By Ashley Strickland, CNN
(CNN) — Scientists are one step closer to understanding the origins of complex life on Earth after shedding new light on a mystery about our microbial ancestors. The key, they suspect, may lie in how simple microbes that lived billions of years ago adapted to the presence of oxygen.
Humans, like all plants, fungi and animals on Earth, are eukaryotes — organisms with cells that have a clearly defined DNA-containing nucleus and other structures such as mitochondria, organelles that provide cells with power by converting nutrients into energy.
Between 2.4 billion and 2.1 billion years ago, oxygen levels dramatically increased in Earth’s atmosphere, known as the Great Oxidation Event.
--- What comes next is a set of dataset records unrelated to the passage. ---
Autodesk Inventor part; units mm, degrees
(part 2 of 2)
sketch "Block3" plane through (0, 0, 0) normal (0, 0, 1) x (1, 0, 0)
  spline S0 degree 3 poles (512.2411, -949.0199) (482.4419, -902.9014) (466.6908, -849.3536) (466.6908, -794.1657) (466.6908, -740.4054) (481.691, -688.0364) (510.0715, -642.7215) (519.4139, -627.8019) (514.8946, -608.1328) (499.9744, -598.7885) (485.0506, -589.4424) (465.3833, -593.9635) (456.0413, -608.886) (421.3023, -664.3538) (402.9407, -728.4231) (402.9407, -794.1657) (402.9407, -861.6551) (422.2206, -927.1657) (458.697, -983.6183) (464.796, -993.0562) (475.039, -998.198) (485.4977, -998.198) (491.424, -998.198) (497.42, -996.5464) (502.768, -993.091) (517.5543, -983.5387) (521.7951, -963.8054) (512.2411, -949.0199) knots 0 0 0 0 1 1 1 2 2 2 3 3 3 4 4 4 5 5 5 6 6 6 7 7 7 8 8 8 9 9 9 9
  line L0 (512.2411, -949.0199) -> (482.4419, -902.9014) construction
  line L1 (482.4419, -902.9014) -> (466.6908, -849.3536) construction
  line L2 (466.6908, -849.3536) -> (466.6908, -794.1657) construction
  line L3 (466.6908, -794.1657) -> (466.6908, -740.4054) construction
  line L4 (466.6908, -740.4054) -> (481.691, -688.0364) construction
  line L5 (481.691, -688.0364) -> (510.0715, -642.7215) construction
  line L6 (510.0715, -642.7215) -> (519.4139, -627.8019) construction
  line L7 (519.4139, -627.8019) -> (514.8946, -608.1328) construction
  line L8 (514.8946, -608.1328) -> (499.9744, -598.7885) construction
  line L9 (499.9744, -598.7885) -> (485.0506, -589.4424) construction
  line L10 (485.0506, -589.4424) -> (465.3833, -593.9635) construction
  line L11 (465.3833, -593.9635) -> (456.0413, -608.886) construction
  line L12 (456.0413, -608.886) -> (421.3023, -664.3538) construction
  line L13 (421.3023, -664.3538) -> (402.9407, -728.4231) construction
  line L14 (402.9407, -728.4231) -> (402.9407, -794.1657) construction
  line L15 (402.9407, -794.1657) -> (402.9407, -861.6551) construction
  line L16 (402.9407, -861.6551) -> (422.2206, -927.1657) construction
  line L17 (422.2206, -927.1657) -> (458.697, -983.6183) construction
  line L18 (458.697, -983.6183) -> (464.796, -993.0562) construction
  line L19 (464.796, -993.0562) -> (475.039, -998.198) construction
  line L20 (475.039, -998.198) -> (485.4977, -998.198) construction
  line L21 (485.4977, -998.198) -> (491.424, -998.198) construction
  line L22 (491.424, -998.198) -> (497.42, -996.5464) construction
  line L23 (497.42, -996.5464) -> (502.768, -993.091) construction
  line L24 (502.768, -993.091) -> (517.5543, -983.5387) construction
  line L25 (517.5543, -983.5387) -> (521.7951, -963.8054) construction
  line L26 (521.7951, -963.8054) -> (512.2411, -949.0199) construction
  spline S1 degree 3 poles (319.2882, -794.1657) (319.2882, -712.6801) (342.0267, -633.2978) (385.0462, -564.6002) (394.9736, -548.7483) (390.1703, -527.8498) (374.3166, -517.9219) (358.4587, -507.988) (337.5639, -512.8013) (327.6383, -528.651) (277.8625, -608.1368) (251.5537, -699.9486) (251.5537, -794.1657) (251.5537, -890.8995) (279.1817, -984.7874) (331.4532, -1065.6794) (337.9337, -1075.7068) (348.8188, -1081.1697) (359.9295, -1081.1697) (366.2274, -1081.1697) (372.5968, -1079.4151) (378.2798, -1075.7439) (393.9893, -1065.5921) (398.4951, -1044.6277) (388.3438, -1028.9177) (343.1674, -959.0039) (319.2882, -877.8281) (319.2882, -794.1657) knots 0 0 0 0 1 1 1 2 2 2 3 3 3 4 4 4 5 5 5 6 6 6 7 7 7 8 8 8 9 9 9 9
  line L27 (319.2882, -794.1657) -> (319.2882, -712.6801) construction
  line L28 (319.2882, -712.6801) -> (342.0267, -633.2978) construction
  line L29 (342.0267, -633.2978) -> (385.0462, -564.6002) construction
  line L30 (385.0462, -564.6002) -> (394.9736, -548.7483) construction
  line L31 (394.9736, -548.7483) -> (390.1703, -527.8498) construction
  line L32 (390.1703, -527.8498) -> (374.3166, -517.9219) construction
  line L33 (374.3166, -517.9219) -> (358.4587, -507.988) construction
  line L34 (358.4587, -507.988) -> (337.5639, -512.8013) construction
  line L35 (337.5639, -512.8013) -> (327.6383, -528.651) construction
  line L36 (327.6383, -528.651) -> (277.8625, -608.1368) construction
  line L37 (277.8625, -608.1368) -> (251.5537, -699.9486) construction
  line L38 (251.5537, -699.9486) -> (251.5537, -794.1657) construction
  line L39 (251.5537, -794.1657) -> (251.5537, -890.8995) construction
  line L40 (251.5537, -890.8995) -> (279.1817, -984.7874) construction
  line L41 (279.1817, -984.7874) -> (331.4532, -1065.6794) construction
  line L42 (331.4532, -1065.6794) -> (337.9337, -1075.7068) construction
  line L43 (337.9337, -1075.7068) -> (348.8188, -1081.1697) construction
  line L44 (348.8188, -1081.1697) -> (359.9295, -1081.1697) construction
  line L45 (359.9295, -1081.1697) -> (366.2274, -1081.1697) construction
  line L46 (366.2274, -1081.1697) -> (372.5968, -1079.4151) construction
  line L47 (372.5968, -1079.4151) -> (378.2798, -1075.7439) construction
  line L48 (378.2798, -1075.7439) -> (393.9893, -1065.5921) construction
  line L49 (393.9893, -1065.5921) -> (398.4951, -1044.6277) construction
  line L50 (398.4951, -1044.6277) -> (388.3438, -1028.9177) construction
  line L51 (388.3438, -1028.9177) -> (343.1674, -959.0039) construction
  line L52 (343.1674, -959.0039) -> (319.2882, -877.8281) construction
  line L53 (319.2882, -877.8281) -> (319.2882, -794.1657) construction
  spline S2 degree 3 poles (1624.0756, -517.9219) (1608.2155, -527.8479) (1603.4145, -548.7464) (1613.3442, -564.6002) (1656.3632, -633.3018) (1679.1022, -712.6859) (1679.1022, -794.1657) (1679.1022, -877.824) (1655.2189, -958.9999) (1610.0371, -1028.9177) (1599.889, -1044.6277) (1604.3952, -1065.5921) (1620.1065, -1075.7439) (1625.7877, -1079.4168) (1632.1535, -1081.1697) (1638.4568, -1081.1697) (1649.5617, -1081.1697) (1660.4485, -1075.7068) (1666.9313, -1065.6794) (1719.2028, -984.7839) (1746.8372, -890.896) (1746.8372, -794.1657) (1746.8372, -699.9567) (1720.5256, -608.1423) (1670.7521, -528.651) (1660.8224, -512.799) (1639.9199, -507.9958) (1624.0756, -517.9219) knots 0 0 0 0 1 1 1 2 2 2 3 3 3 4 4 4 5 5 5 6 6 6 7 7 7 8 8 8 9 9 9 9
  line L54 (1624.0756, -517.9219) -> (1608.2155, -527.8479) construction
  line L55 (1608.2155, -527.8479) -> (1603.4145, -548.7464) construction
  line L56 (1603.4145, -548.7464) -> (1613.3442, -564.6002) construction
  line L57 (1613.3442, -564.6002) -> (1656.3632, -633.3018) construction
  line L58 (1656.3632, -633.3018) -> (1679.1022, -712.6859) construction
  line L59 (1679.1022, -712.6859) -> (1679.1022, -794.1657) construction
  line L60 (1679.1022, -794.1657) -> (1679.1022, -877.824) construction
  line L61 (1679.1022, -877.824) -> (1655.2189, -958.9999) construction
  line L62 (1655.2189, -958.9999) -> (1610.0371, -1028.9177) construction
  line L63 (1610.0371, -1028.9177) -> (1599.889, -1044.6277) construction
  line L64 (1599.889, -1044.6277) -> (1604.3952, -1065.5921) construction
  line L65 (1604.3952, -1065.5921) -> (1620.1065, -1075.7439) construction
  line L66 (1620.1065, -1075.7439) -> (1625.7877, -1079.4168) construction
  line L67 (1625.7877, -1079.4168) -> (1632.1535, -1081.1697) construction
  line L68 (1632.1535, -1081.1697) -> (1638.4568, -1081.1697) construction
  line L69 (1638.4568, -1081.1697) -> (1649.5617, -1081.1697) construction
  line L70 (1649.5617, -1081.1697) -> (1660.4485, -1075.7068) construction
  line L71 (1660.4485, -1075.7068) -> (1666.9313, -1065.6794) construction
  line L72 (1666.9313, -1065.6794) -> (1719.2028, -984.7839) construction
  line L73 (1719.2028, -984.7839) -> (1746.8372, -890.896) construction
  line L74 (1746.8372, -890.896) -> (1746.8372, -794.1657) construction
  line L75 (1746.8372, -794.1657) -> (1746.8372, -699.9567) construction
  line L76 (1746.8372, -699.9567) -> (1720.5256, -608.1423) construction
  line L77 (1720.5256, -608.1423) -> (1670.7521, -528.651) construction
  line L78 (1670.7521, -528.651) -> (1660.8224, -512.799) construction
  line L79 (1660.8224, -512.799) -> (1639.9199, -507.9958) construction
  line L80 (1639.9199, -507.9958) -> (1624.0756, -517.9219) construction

A few hundred thousand years after the event, the first identifiable traces of eukaryotes, preserved as microfossils, appeared on our planet, suggesting that oxygen has long been a crucial ingredient for the evolution of complex life.
Many scientists believe that eukaryotes evolved from the combination of two types of microbes.
But in a puzzling twist, one of the microbes, known as Asgard archaea, has only been found in oxygen-deprived environments such as hydrothermal vents on the ocean floor — despite appearing to share complex similarities with eukaryotes.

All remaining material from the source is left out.